### Task instructions
Leave the pictures out. Transcribe exactly every line from the start of the records through the one containing "#1=APPLICATION_CONTEXT('core data for".

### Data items
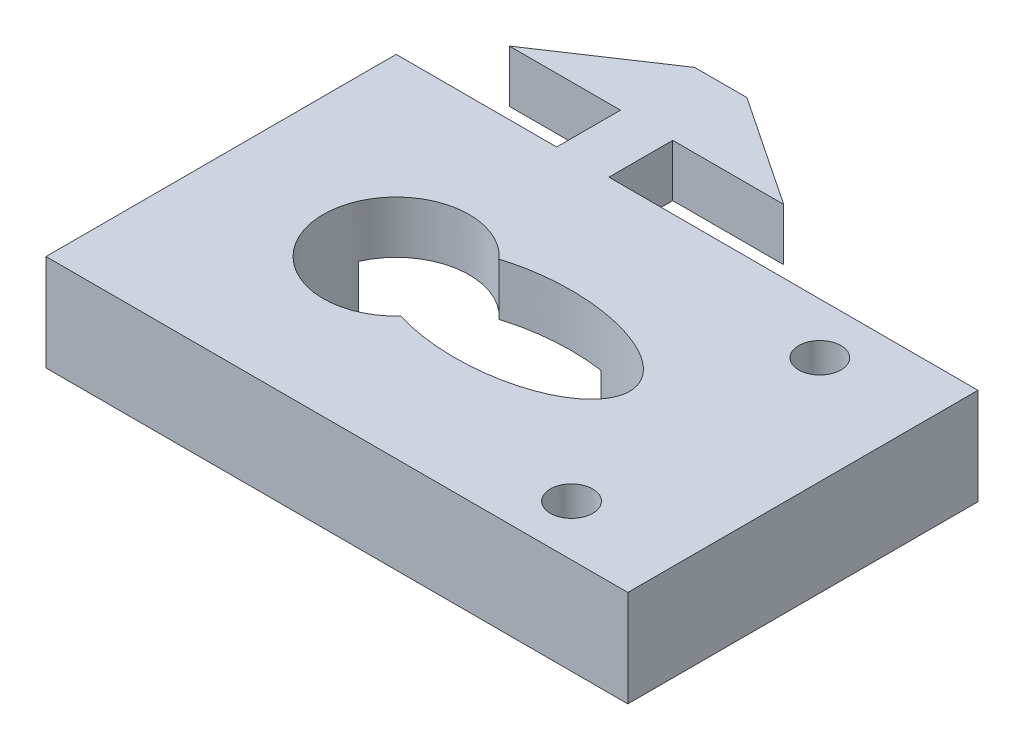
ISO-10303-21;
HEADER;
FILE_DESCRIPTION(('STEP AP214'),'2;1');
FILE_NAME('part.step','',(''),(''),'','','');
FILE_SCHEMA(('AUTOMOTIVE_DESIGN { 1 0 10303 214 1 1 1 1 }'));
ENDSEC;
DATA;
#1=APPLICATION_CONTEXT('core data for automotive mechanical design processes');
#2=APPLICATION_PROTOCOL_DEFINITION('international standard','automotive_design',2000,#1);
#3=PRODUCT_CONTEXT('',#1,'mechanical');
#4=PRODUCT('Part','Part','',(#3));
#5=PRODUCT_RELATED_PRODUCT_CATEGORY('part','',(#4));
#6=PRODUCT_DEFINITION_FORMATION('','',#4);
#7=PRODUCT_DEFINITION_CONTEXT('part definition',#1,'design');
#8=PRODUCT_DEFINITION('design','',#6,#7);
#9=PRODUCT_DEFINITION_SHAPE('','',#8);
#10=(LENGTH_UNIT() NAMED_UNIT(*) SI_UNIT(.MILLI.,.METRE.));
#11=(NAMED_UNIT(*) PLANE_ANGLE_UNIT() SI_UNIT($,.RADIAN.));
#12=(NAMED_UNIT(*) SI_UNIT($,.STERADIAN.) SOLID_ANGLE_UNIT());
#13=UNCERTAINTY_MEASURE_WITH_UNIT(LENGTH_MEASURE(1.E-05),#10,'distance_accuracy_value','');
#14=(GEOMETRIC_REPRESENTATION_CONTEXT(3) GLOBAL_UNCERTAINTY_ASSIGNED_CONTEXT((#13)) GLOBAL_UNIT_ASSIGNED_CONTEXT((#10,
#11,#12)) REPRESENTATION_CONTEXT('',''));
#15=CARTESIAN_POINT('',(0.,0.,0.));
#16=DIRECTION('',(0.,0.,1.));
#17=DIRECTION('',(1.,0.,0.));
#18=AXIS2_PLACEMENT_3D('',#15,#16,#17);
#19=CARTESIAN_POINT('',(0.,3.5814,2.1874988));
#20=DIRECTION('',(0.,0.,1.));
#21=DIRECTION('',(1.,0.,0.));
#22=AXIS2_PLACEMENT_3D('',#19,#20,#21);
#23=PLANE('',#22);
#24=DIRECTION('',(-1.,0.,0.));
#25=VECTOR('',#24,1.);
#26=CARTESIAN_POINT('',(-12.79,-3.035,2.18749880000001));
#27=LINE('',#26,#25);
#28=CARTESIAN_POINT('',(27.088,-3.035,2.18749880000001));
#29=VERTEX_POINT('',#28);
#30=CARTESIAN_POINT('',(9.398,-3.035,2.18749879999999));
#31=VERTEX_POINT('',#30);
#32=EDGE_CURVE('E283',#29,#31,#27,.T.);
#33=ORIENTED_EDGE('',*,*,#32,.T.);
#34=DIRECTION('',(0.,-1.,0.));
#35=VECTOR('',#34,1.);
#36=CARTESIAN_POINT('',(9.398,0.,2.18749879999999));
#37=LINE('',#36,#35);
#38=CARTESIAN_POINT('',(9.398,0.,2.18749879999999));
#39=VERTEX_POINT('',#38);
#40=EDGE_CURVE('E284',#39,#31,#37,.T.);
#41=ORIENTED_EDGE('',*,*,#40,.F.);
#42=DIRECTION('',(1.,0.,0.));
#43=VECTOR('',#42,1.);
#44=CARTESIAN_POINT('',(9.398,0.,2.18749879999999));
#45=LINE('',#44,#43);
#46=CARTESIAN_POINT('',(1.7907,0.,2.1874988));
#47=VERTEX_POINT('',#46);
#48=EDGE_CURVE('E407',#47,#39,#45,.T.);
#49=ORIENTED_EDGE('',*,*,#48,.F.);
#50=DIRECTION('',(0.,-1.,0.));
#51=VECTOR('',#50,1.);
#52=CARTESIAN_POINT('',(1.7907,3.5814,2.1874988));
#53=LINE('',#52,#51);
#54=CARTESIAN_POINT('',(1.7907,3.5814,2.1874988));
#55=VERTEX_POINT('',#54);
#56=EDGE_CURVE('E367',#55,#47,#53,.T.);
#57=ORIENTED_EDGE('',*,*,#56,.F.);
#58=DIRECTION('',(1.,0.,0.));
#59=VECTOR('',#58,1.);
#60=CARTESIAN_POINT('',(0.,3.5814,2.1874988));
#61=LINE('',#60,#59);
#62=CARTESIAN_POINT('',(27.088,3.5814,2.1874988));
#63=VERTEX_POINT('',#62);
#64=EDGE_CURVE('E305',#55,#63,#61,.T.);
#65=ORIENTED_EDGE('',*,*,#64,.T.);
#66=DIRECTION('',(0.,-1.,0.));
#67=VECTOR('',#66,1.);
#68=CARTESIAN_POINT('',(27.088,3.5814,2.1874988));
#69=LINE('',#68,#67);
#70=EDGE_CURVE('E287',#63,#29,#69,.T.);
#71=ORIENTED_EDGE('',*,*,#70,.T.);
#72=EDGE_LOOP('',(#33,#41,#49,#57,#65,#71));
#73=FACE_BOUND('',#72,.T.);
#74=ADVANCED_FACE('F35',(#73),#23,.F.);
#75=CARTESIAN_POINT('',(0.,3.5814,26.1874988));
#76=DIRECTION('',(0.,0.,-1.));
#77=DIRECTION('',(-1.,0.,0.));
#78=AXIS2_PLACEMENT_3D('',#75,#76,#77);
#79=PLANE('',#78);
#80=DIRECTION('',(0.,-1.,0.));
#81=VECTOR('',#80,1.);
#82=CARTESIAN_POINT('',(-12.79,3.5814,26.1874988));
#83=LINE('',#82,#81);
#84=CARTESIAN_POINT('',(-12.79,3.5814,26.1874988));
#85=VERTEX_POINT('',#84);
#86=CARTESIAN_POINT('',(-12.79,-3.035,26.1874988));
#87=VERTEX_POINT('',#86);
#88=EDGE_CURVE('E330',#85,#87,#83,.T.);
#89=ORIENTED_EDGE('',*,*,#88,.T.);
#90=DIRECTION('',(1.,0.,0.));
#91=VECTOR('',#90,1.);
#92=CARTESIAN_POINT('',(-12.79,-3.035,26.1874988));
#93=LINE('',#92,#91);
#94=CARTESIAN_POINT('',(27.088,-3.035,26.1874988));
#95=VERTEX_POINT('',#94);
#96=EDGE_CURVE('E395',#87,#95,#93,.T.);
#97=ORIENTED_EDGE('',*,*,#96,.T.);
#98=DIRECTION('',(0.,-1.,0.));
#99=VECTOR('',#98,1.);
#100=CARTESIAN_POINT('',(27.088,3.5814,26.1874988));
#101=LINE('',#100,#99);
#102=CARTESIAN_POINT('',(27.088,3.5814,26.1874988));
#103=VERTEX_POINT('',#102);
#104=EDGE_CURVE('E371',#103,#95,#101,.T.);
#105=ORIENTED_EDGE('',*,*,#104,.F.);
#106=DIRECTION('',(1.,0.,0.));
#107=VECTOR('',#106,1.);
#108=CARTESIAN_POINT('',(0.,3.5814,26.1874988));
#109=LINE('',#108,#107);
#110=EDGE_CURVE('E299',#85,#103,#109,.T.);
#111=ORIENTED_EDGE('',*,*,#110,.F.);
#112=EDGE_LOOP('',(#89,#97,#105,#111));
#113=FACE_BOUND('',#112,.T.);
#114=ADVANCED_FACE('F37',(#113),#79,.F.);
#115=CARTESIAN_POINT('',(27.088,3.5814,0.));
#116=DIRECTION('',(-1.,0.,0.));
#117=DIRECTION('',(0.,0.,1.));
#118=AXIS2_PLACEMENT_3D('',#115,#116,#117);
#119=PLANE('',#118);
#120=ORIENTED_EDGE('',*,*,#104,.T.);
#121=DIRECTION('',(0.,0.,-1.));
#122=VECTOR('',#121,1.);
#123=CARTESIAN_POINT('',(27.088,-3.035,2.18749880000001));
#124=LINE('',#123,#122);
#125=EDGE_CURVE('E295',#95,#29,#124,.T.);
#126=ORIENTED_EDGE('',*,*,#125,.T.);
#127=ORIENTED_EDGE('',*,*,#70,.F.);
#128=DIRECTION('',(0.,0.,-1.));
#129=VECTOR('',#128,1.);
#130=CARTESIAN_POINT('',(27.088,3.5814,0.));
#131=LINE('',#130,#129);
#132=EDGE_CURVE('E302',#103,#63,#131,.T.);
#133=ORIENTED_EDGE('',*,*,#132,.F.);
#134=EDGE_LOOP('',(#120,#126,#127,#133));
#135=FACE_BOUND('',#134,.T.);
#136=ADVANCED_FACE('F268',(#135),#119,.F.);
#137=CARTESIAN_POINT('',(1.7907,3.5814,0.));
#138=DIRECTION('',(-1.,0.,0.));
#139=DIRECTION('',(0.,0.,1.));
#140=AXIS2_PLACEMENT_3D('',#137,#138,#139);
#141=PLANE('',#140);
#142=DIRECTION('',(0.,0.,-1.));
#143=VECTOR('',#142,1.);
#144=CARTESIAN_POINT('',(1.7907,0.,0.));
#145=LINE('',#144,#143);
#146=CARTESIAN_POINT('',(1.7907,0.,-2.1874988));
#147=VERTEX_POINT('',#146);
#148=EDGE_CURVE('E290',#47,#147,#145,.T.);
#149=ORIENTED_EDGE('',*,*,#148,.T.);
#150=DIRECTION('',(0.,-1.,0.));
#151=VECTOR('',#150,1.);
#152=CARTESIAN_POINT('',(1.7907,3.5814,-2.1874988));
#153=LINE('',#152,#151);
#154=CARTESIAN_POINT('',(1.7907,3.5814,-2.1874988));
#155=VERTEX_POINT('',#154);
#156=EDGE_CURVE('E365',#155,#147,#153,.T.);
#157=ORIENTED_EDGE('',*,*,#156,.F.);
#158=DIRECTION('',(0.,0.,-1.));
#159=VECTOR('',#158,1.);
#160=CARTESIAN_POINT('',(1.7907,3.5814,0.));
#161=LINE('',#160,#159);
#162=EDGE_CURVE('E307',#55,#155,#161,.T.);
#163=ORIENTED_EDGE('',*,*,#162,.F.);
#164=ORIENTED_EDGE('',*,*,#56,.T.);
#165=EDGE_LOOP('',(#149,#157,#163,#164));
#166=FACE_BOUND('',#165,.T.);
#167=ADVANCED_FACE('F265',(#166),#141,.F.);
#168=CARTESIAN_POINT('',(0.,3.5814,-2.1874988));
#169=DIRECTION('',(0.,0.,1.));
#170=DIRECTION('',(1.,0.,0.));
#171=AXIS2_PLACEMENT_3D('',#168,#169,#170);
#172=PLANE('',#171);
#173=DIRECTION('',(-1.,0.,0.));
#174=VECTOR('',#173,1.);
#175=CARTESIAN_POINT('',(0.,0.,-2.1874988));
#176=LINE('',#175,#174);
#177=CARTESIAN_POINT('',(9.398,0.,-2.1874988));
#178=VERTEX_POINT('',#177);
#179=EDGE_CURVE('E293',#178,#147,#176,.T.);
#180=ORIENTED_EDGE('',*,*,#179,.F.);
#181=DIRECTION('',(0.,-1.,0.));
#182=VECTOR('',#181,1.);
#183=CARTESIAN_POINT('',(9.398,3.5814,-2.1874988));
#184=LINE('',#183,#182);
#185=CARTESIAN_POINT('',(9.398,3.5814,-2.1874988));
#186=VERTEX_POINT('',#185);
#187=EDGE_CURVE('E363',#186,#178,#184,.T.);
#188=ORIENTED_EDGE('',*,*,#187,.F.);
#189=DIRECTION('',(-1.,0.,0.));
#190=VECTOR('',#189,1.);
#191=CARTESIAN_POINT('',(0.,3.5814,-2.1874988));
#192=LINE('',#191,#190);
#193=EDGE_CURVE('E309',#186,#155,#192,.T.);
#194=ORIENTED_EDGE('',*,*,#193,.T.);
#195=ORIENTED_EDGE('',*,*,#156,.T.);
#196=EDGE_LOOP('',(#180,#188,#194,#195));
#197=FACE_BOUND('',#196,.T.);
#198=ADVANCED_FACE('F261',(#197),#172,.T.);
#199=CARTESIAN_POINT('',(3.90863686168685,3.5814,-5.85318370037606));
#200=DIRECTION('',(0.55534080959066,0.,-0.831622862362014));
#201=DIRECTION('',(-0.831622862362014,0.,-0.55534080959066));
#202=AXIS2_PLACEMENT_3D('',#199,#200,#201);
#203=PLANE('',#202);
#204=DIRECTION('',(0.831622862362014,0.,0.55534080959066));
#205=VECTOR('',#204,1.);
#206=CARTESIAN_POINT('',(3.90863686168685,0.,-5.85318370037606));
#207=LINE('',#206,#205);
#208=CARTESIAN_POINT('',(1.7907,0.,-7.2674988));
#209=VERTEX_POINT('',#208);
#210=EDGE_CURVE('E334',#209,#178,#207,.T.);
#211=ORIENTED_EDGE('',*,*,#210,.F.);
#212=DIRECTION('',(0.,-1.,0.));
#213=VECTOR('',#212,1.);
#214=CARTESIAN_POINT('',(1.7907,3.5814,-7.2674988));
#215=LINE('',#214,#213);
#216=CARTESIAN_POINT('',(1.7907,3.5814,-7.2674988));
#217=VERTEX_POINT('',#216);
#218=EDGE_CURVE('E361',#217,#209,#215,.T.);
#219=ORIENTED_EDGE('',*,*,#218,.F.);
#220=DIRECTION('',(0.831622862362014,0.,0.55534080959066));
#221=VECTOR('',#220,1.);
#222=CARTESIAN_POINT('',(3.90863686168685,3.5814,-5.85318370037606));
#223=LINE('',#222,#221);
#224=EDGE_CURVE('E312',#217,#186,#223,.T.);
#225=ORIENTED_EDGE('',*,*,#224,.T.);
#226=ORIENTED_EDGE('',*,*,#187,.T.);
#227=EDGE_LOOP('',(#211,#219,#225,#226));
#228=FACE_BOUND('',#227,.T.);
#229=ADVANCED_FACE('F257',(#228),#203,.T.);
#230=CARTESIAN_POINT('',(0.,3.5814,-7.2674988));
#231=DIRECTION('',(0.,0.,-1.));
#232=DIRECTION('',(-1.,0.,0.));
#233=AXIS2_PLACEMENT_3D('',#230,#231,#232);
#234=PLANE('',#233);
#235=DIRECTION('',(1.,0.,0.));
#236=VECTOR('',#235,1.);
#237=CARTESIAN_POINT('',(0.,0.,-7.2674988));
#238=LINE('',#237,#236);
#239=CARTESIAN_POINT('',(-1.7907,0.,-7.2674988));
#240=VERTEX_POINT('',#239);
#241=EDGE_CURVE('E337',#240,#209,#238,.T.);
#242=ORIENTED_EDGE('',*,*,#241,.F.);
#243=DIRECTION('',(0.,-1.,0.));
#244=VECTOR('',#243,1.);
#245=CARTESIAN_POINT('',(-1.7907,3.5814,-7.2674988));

### Written reply
ISO-10303-21;
HEADER;
FILE_DESCRIPTION(('STEP AP214'),'2;1');
FILE_NAME('part.step','',(''),(''),'','','');
FILE_SCHEMA(('AUTOMOTIVE_DESIGN { 1 0 10303 214 1 1 1 1 }'));
ENDSEC;
DATA;
#1=APPLICATION_CONTEXT('core data for automotive mechanical design processes');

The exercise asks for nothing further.